Davies makes clear that states can pass through many changes in their lives and deaths. The convoluted history of the many polities named Burgundy is proof of that. But almost every kingdom he looks at has its roots in some other state; they are each the product of a specific transformation, developing out of some other kingdom, existing for a time in one or more configurations, then passing away, occasionally later to revive. Sometimes the changes seem organic, developing from within; sometimes it seems forced, a product of conquest from outside. But change itself seems inevitable, and something we forget at our peril.
That’s ironic, given that by definition a state is defined by its relationship to power, and hence its ability to resist change. At one point Davies illustrates a point by giving reader opinions from pre-World-War-I German nationalist Heinrich von Treitschke: “The State is a law unto itself. Weak nations do not have the same right to live as powerful and vigorous nations.” Also: “The end-all and be-all of a State is power, and he who is not man enough to look this truth in the face should not meddle in politics.” One has the feeling that Davies rejects the determinism implicit in Treitschke’s statements, and perhaps agrees more with Dante, who he quotes in another context: “For one nation rules and another languishes/according to [Fortune’s] hidden judgment,/hidden like a snake in the grass.”
There is an element of fortune in the histories Davies describes. Almost always, as he describes events, things could have gone differently. The vanished kingdoms he writes of collectively insist that the history we know was never predestined; that we are the outcome of chance, not of certainty. Politics and power are shaped by certain givens, yes, but nobody sees every snake lurking in the grass; nothing is certain, however much it might seem so.
Perhaps as a result, Davies’ conclusion, “How States Die,” is unsatisfying. He lists five ways by which states meet their end, but provides no real unifying factor among those five causes of death. Nor any hint of how to see their symptoms and prepare for the end. The actual causes themselves are simply enunciated in a few pages. It feels like a capstone’s missing; as though, after all the fascinating matter of his book, there’s simply nothing left to say.

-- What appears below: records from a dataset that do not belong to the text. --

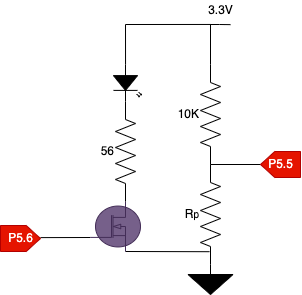

The diagram above was exported from draw.io. Its source (the exported page's mxGraphModel, read from the mxfile embedded in the PNG):
<mxGraphModel dx="924" dy="304" grid="0" gridSize="10" guides="1" tooltips="1" connect="1" arrows="1" fold="1" page="0" pageScale="1" pageWidth="1100" pageHeight="850" background="#ffffff" math="0" shadow="0">
  <root>
    <mxCell id="0" />
    <mxCell id="1" parent="0" />
    <mxCell id="125" style="edgeStyle=none;html=1;exitX=0;exitY=0.5;exitDx=0;exitDy=0;exitPerimeter=0;fontColor=#000000;endArrow=none;endFill=0;strokeColor=#000000;" edge="1" parent="1" source="123">
      <mxGeometry relative="1" as="geometry">
        <mxPoint x="-90" y="523" as="targetPoint" />
      </mxGeometry>
    </mxCell>
    <mxCell id="123" value="&lt;font color=&quot;#000000&quot;&gt;R&lt;span style=&quot;font-size: 10px&quot;&gt;p&lt;/span&gt;&lt;/font&gt;" style="pointerEvents=1;verticalLabelPosition=middle;shadow=0;dashed=0;align=right;html=1;verticalAlign=middle;shape=mxgraph.electrical.resistors.resistor_2;gradientColor=none;fillColor=#000000;strokeColor=#000000;direction=south;labelPosition=left;" vertex="1" parent="1">
      <mxGeometry x="-150" y="523" width="20" height="100" as="geometry" />
    </mxCell>
    <mxCell id="147" style="edgeStyle=none;html=1;fontColor=#000000;endArrow=none;endFill=0;strokeColor=#000000;" edge="1" parent="1" source="124">
      <mxGeometry relative="1" as="geometry">
        <mxPoint x="-140" y="383" as="targetPoint" />
      </mxGeometry>
    </mxCell>
    <mxCell id="124" value="10K" style="pointerEvents=1;verticalLabelPosition=middle;shadow=0;dashed=0;align=right;html=1;verticalAlign=middle;shape=mxgraph.electrical.resistors.resistor_2;gradientColor=none;fillColor=#000000;strokeColor=#000000;direction=south;fontColor=#000000;labelPosition=left;" vertex="1" parent="1">
      <mxGeometry x="-150" y="423" width="20" height="100" as="geometry" />
    </mxCell>
    <mxCell id="128" value="" style="verticalLabelPosition=bottom;shadow=0;dashed=0;align=center;html=1;verticalAlign=top;shape=mxgraph.electrical.abstract.dac;fillColor=#e51400;fontColor=#ffffff;strokeColor=#B20000;direction=west;" vertex="1" parent="1">
      <mxGeometry x="-90" y="510" width="40" height="26" as="geometry" />
    </mxCell>
    <mxCell id="130" value="&lt;font color=&quot;#ffffff&quot;&gt;P5.5&lt;/font&gt;" style="text;html=1;align=center;verticalAlign=middle;resizable=0;points=[];autosize=1;strokeColor=none;fillColor=none;fontColor=#000000;" vertex="1" parent="1">
      <mxGeometry x="-90" y="513" width="40" height="20" as="geometry" />
    </mxCell>
    <mxCell id="131" value="" style="pointerEvents=1;verticalLabelPosition=bottom;shadow=0;dashed=0;align=center;html=1;verticalAlign=top;shape=mxgraph.electrical.signal_sources.signal_ground;fontColor=#FFFFFF;strokeColor=#000000;fillColor=#000000;gradientColor=none;" vertex="1" parent="1">
      <mxGeometry x="-162.5" y="623" width="45" height="30" as="geometry" />
    </mxCell>
    <mxCell id="133" value="3.3V" style="text;html=1;align=center;verticalAlign=middle;resizable=0;points=[];autosize=1;strokeColor=none;fillColor=none;fontColor=#000000;" vertex="1" parent="1">
      <mxGeometry x="-150" y="359" width="40" height="20" as="geometry" />
    </mxCell>
    <mxCell id="135" style="edgeStyle=none;html=1;exitX=0.7;exitY=1;exitDx=0;exitDy=0;exitPerimeter=0;entryX=0.872;entryY=0.551;entryDx=0;entryDy=0;entryPerimeter=0;fontColor=#000000;endArrow=none;endFill=0;strokeColor=#000000;" edge="1" parent="1" source="134" target="123">
      <mxGeometry relative="1" as="geometry" />
    </mxCell>
    <mxCell id="140" style="edgeStyle=none;html=1;exitX=0;exitY=0.72;exitDx=0;exitDy=0;exitPerimeter=0;fontColor=#000000;endArrow=none;endFill=0;strokeColor=#000000;" edge="1" parent="1" source="134">
      <mxGeometry relative="1" as="geometry">
        <mxPoint x="-309.99999999999994" y="596.1081081081081" as="targetPoint" />
      </mxGeometry>
    </mxCell>
    <mxCell id="134" value="" style="verticalLabelPosition=bottom;shadow=0;dashed=0;align=center;html=1;verticalAlign=top;shape=mxgraph.electrical.mosfets1.n-channel_mosfet_1;fontColor=#ffffff;strokeColor=#432D57;fillColor=#76608a;" vertex="1" parent="1">
      <mxGeometry x="-260" y="560" width="50" height="50" as="geometry" />
    </mxCell>
    <mxCell id="137" value="" style="verticalLabelPosition=bottom;shadow=0;dashed=0;align=center;html=1;verticalAlign=top;shape=mxgraph.electrical.abstract.dac;fillColor=#e51400;fontColor=#ffffff;strokeColor=#B20000;direction=east;" vertex="1" parent="1">
      <mxGeometry x="-350" y="584" width="40" height="26" as="geometry" />
    </mxCell>
    <mxCell id="139" value="" style="edgeStyle=none;html=1;exitX=0;exitY=0.5;exitDx=0;exitDy=0;exitPerimeter=0;fontColor=#000000;endArrow=none;endFill=0;strokeColor=#000000;" edge="1" parent="1">
      <mxGeometry relative="1" as="geometry">
        <mxPoint x="-330.00000000000006" y="637.73" as="targetPoint" />
        <mxPoint x="-330.00000000000006" y="637.73" as="sourcePoint" />
      </mxGeometry>
    </mxCell>
    <mxCell id="141" value="&lt;font color=&quot;#ffffff&quot;&gt;P5.6&lt;/font&gt;" style="text;html=1;align=center;verticalAlign=middle;resizable=0;points=[];autosize=1;strokeColor=none;fillColor=none;fontColor=#000000;" vertex="1" parent="1">
      <mxGeometry x="-350" y="587" width="40" height="20" as="geometry" />
    </mxCell>
    <mxCell id="142" value="56" style="pointerEvents=1;verticalLabelPosition=middle;shadow=0;dashed=0;align=right;html=1;verticalAlign=middle;shape=mxgraph.electrical.resistors.resistor_2;gradientColor=none;fillColor=#000000;strokeColor=#000000;direction=south;fontColor=#000000;labelPosition=left;" vertex="1" parent="1">
      <mxGeometry x="-235" y="460" width="20" height="100" as="geometry" />
    </mxCell>
    <mxCell id="148" style="edgeStyle=none;html=1;exitX=0;exitY=0.57;exitDx=0;exitDy=0;exitPerimeter=0;fontColor=#000000;endArrow=none;endFill=0;strokeColor=#000000;rounded=0;" edge="1" parent="1" source="143">
      <mxGeometry relative="1" as="geometry">
        <mxPoint x="-139.61702127659578" y="382.9574468085106" as="targetPoint" />
        <Array as="points">
          <mxPoint x="-225" y="383" />
        </Array>
      </mxGeometry>
    </mxCell>
    <mxCell id="143" value="" style="verticalLabelPosition=bottom;shadow=0;dashed=0;align=center;html=1;verticalAlign=top;shape=mxgraph.electrical.opto_electronics.led_2;pointerEvents=1;fontColor=#000000;strokeColor=#000000;fillColor=#000000;gradientColor=none;direction=south;" vertex="1" parent="1">
      <mxGeometry x="-237" y="423" width="28" height="37" as="geometry" />
    </mxCell>
    <mxCell id="145" style="edgeStyle=none;html=1;exitX=0;exitY=0.5;exitDx=0;exitDy=0;exitPerimeter=0;fontColor=#FFFFFF;endArrow=none;endFill=0;strokeColor=#000000;" edge="1" parent="1">
      <mxGeometry relative="1" as="geometry">
        <mxPoint x="-120" y="383.1351351351351" as="targetPoint" />
        <mxPoint x="-140" y="383" as="sourcePoint" />
        <Array as="points">
          <mxPoint x="-131" y="383" />
        </Array>
      </mxGeometry>
    </mxCell>
  </root>
</mxGraphModel>

Perhaps there isn’t. Or perhaps the conclusion really comes much earlier, about halfway through the text, when Davies observes that: “All the nations that ever lived have left their footsteps in the sand. The traces fade with every tide, the echoes grow faint, the images are fractured, the human material is atomized and recycled. But if we know where to look, there is always a remnant, a remainder, an irreducible residue.”
This is his theme: the reclaiming of the residues of the past. And the reminder that sometime, and perhaps sooner than we think, all we know will be nothing more or less than a residue itself; that all power will dwindle to footsteps and broken images.